(Stored data)
=== Begin Enclosure ===

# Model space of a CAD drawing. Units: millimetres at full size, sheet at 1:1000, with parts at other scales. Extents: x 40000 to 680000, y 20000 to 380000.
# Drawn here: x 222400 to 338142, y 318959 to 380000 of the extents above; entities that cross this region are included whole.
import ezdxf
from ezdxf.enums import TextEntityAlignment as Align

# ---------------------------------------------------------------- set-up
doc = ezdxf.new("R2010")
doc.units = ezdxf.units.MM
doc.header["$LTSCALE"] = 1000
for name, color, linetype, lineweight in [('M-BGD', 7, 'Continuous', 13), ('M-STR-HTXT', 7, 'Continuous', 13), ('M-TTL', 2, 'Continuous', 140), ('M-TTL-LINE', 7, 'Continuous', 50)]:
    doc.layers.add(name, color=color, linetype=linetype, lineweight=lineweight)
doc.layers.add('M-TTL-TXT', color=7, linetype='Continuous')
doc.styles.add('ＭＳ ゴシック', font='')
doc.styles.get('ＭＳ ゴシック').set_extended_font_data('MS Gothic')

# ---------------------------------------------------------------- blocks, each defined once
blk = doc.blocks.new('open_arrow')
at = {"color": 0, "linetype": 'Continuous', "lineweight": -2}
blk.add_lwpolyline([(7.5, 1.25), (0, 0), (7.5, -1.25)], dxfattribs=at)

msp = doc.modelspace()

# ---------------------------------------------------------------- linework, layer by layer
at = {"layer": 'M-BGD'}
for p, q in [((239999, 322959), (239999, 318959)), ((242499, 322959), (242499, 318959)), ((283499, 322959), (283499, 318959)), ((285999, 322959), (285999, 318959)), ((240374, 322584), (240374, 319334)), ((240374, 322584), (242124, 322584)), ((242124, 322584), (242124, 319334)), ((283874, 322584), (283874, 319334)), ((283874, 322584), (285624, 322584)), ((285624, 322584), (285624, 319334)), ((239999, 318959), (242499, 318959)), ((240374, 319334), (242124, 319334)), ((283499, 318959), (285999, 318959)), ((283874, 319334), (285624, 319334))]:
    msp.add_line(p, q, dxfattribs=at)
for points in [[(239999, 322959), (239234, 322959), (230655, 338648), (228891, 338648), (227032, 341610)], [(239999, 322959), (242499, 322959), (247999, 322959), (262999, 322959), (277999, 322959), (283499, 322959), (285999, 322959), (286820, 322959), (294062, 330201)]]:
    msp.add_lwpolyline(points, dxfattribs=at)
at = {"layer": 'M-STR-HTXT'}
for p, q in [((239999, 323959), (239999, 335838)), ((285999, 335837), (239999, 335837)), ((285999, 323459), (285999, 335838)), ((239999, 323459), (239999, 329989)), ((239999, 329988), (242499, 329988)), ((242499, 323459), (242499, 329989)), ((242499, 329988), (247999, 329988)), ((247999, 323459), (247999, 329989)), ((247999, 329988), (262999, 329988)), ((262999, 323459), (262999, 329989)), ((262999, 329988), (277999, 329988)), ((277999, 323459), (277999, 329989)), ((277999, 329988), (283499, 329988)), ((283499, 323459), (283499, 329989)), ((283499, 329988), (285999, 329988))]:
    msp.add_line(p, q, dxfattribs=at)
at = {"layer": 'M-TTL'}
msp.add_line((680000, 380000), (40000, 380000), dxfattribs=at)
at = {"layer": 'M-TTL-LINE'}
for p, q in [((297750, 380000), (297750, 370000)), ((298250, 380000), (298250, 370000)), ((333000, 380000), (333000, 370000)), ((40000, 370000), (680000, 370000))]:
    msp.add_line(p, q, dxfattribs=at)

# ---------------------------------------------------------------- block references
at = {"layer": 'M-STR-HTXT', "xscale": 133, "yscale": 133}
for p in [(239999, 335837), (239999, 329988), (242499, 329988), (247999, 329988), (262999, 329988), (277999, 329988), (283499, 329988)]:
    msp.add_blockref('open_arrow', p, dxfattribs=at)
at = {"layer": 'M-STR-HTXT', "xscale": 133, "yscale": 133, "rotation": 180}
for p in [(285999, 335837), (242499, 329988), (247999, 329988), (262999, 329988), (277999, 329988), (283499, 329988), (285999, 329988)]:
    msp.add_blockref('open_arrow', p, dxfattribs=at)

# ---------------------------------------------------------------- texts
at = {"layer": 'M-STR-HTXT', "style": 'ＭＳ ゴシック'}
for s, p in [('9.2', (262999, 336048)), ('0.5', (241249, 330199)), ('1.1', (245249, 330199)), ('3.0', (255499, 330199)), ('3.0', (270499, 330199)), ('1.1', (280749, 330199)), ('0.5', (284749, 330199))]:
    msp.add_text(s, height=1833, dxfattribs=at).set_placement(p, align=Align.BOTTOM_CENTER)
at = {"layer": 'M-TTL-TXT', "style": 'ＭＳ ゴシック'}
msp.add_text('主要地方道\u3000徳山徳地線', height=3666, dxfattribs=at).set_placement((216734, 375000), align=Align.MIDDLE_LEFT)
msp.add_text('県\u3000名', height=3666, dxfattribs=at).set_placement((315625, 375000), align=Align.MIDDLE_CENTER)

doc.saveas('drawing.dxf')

=== End Enclosure ===

▸ WHAT THE TASK ASKS: Reproduce the entries above exactly.

▸ ANSWER BOX:
# Model space of a CAD drawing. Units: millimetres at full size, sheet at 1:1000, with parts at other scales. Extents: x 40000 to 680000, y 20000 to 380000.
# Drawn here: x 222400 to 338142, y 318959 to 380000 of the extents above; entities that cross this region are included whole.
import ezdxf
from ezdxf.enums import TextEntityAlignment as Align

# ---------------------------------------------------------------- set-up
doc = ezdxf.new("R2010")
doc.units = ezdxf.units.MM
doc.header["$LTSCALE"] = 1000
for name, color, linetype, lineweight in [('M-BGD', 7, 'Continuous', 13), ('M-STR-HTXT', 7, 'Continuous', 13), ('M-TTL', 2, 'Continuous', 140), ('M-TTL-LINE', 7, 'Continuous', 50)]:
    doc.layers.add(name, color=color, linetype=linetype, lineweight=lineweight)
doc.layers.add('M-TTL-TXT', color=7, linetype='Continuous')
doc.styles.add('ＭＳ ゴシック', font='')
doc.styles.get('ＭＳ ゴシック').set_extended_font_data('MS Gothic')

# ---------------------------------------------------------------- blocks, each defined once
blk = doc.blocks.new('open_arrow')
at = {"color": 0, "linetype": 'Continuous', "lineweight": -2}
blk.add_lwpolyline([(7.5, 1.25), (0, 0), (7.5, -1.25)], dxfattribs=at)

msp = doc.modelspace()

# ---------------------------------------------------------------- linework, layer by layer
at = {"layer": 'M-BGD'}
for p, q in [((239999, 322959), (239999, 318959)), ((242499, 322959), (242499, 318959)), ((283499, 322959), (283499, 318959)), ((285999, 322959), (285999, 318959)), ((240374, 322584), (240374, 319334)), ((240374, 322584), (242124, 322584)), ((242124, 322584), (242124, 319334)), ((283874, 322584), (283874, 319334)), ((283874, 322584), (285624, 322584)), ((285624, 322584), (285624, 319334)), ((239999, 318959), (242499, 318959)), ((240374, 319334), (242124, 319334)), ((283499, 318959), (285999, 318959)), ((283874, 319334), (285624, 319334))]:
    msp.add_line(p, q, dxfattribs=at)
for points in [[(239999, 322959), (239234, 322959), (230655, 338648), (228891, 338648), (227032, 341610)], [(239999, 322959), (242499, 322959), (247999, 322959), (262999, 322959), (277999, 322959), (283499, 322959), (285999, 322959), (286820, 322959), (294062, 330201)]]:
    msp.add_lwpolyline(points, dxfattribs=at)
at = {"layer": 'M-STR-HTXT'}
for p, q in [((239999, 323959), (239999, 335838)), ((285999, 335837), (239999, 335837)), ((285999, 323459), (285999, 335838)), ((239999, 323459), (239999, 329989)), ((239999, 329988), (242499, 329988)), ((242499, 323459), (242499, 329989)), ((242499, 329988), (247999, 329988)), ((247999, 323459), (247999, 329989)), ((247999, 329988), (262999, 329988)), ((262999, 323459), (262999, 329989)), ((262999, 329988), (277999, 329988)), ((277999, 323459), (277999, 329989)), ((277999, 329988), (283499, 329988)), ((283499, 323459), (283499, 329989)), ((283499, 329988), (285999, 329988))]:
    msp.add_line(p, q, dxfattribs=at)
at = {"layer": 'M-TTL'}
msp.add_line((680000, 380000), (40000, 380000), dxfattribs=at)
at = {"layer": 'M-TTL-LINE'}
for p, q in [((297750, 380000), (297750, 370000)), ((298250, 380000), (298250, 370000)), ((333000, 380000), (333000, 370000)), ((40000, 370000), (680000, 370000))]:
    msp.add_line(p, q, dxfattribs=at)

# ---------------------------------------------------------------- block references
at = {"layer": 'M-STR-HTXT', "xscale": 133, "yscale": 133}
for p in [(239999, 335837), (239999, 329988), (242499, 329988), (247999, 329988), (262999, 329988), (277999, 329988), (283499, 329988)]:
    msp.add_blockref('open_arrow', p, dxfattribs=at)
at = {"layer": 'M-STR-HTXT', "xscale": 133, "yscale": 133, "rotation": 180}
for p in [(285999, 335837), (242499, 329988), (247999, 329988), (262999, 329988), (277999, 329988), (283499, 329988), (285999, 329988)]:
    msp.add_blockref('open_arrow', p, dxfattribs=at)

# ---------------------------------------------------------------- texts
at = {"layer": 'M-STR-HTXT', "style": 'ＭＳ ゴシック'}
for s, p in [('9.2', (262999, 336048)), ('0.5', (241249, 330199)), ('1.1', (245249, 330199)), ('3.0', (255499, 330199)), ('3.0', (270499, 330199)), ('1.1', (280749, 330199)), ('0.5', (284749, 330199))]:
    msp.add_text(s, height=1833, dxfattribs=at).set_placement(p, align=Align.BOTTOM_CENTER)
at = {"layer": 'M-TTL-TXT', "style": 'ＭＳ ゴシック'}
msp.add_text('主要地方道\u3000徳山徳地線', height=3666, dxfattribs=at).set_placement((216734, 375000), align=Align.MIDDLE_LEFT)
msp.add_text('県\u3000名', height=3666, dxfattribs=at).set_placement((315625, 375000), align=Align.MIDDLE_CENTER)

doc.saveas('drawing.dxf')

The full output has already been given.